## Testing Homogeneity of Two Correlation Coefficient

Let $\rho_1$ be the correlation coefficient between $X$ and $Y$ in one population and $\rho_2$ be the correlation coefficient between $X$ and $Y$ in another population.

Let $n_1$ be the sample pair of observations from the first population with sample correlation coefficient $r_1$ and $n_2$ be the sample pair of observations from the second population with sample correlation coefficient $r_2$.
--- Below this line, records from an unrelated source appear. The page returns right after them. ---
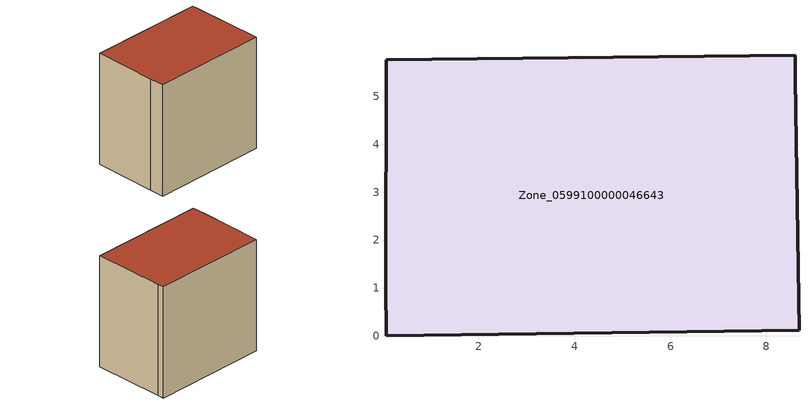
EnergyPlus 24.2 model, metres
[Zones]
Zone_0599100000046643
 floor ground (C_G): 8.6,5.37 8.68,0.12 0.06,0 0.05,1.08 0.06,5.76 8.6,5.86 z0
 wall outside (C_F): 0.06,5.76 0.05,1.08 0.06,0 8.68,0.12 8.6,5.37 8.6,5.86 0.06,5.76 z0:8.23
 roof outside (C_R): 8.68,0.12 8.6,5.37 8.6,5.86 0.06,5.76 0.05,1.08 0.06,0 z8.23
[BUILDING]
Pand.0599100000046643: North Axis=0; Terrain=City; Loads Convergence Tolerance Value=0.04; Temperature Convergence Tolerance Value=0.4; Solar Distribution=FullExterior; Maximum Number of Warmup Days=25; Minimum Number of Warmup Days=1
[Site:Location]
Rotterdam.The.Hague.AP_ZH_NLD Design_Conditions: Latitude=51.96; Longitude=4.45; Time Zone=1; Elevation=-4.5
[SITE:GROUNDTEMPERATURE:BUILDINGSURFACE]
18, 18, 18, 18, 18, 18, 18, 18, 18, 18, 18, 18
[MATERIAL] Thermal Absorptance=0.9; Solar Absorptance=0.7; Visible Absorptance=0.7
Name | Roughness | Thickness | Conductivity | Density | Specific Heat
G.TC.1975-1991 | MediumSmooth | 0.15 | 0.288461 | 540 | 1210
F.TC.1975-1991 | Rough | 0.3 | 0.230769 | 1920 | 840
R.TC.1975-1991 | MediumRough | 0.2 | 0.153846 | 1500 | 1000
[CONSTRUCTION]
C_G: G.TC.1975-1991
C_F: F.TC.1975-1991
C_R: R.TC.1975-1991
[ZONE]
Zone_0599100000046643: Type=1; Multiplier=1; Ceiling Height=Autocalculate; Volume=Autocalculate; Floor Area=autocalculate; Part of Total Floor Area=Yes
[ZONEINFILTRATION:DESIGNFLOWRATE]
Infil_Zone_0599100000046643: Zone or ZoneList or Space or SpaceList=Zone_0599100000046643; Schedule=AlwaysOn; Design Flow Rate Calculation Method=Flow/Area; Flow Rate per Floor Area=0.003; Constant Term Coefficient=1; Temperature Term Coefficient=0; Velocity Term Coefficient=0; Velocity Squared Term Coefficient=0
[HVACTEMPLATE:ZONE:IDEALLOADSAIRSYSTEM]
Zone_0599100000046643: Maximum Heating Supply Air Temperature=50; Minimum Cooling Supply Air Temperature=13; Maximum Heating Supply Air Humidity Ratio=0.0156; Minimum Cooling Supply Air Humidity Ratio=0.0077; Heating Limit=NoLimit; Cooling Limit=NoLimit; Dehumidification Control Type=ConstantSensibleHeatRatio; Cooling Sensible Heat Ratio=0.7; Dehumidification Setpoint=60; Humidification Control Type=None; Humidification Setpoint=30; Outdoor Air Method=None; Outdoor Air Flow Rate per Person=0.00944; Outdoor Air Flow Rate per Zone Floor Area=0; Outdoor Air Flow Rate per Zone=0; Demand Controlled Ventilation Type=None; Outdoor Air Economizer Type=NoEconomizer; Heat Recovery Type=None; Sensible Heat Recovery Effectiveness=0.7; Latent Heat Recovery Effectiveness=0.65
[ZONECONTROL:THERMOSTAT]
ThermostatControl_Zone_0599100000046643: Zone or ZoneList=Zone_0599100000046643; Control Type Schedule=DualSetpointControlType; Control 1=Thermostat_Zone_0599100000046643; Temperature Difference Between Cutout And Setpoint=0
[THERMOSTATSETPOINT:DUALSETPOINT]
Thermostat_Zone_0599100000046643: Heating Setpoint Temperature Schedule=HeatingSetpoint_Zone_0599100000046643; Cooling Setpoint Temperature Schedule=CoolingSetpoint_Zone_0599100000046643
[SCHEDULE:COMPACT]
HeatingSetpoint_Zone_0599100000046643: Through: 12/31, For: AllDays, Until: 24:00, 21
CoolingSetpoint_Zone_0599100000046643: Through: 12/31, For: AllDays, Until: 24:00, 24
DualSetpointControlType: Through: 12/31, For: AllDays, Until: 24:00, 4
AlwaysOn: Through: 12/31, For: AllDays, Until: 24:00, 1

The hypothesis testing problem can be structured in any one of the three situations as follows:

Situation | Hypothesis Testing Problem |
---|---|

Situation A | $H_0: \rho_1=\rho_2$ against $H_a : \rho_1<\rho_2$ (Left-tailed) |

Situation B | $H_0: \rho_1=\rho_2$ against $H_a : \rho_1>\rho_2$ (Right-tailed) |

Situation C | $H_0: \rho_1=\rho_2$ against $H_a : \rho_1\neq\rho_2$ (Two-tailed) |

## Formula

The test statistic for testing above hypothesis is
```
$$
\begin{eqnarray*}
Z=\dfrac{Z_1-Z_2}{\sqrt{\frac{1}{n_1-3}+\frac{1}{n_2-3}}}
\end{eqnarray*}
$$
```

where
```
$$
\begin{aligned}
Z_1=\frac{1}{2}\log_e \bigg(\frac{1+r_1}{1-r_1}\bigg)
\end{aligned}
$$
```

and
```
$$
\begin{aligned}
Z_2=\frac{1}{2}\log_e \bigg(\frac{1+r_2}{1-r_2}\bigg)
\end{aligned}
$$
```

The test statistic $Z$ follows standard normal distribution $N(0,1)$.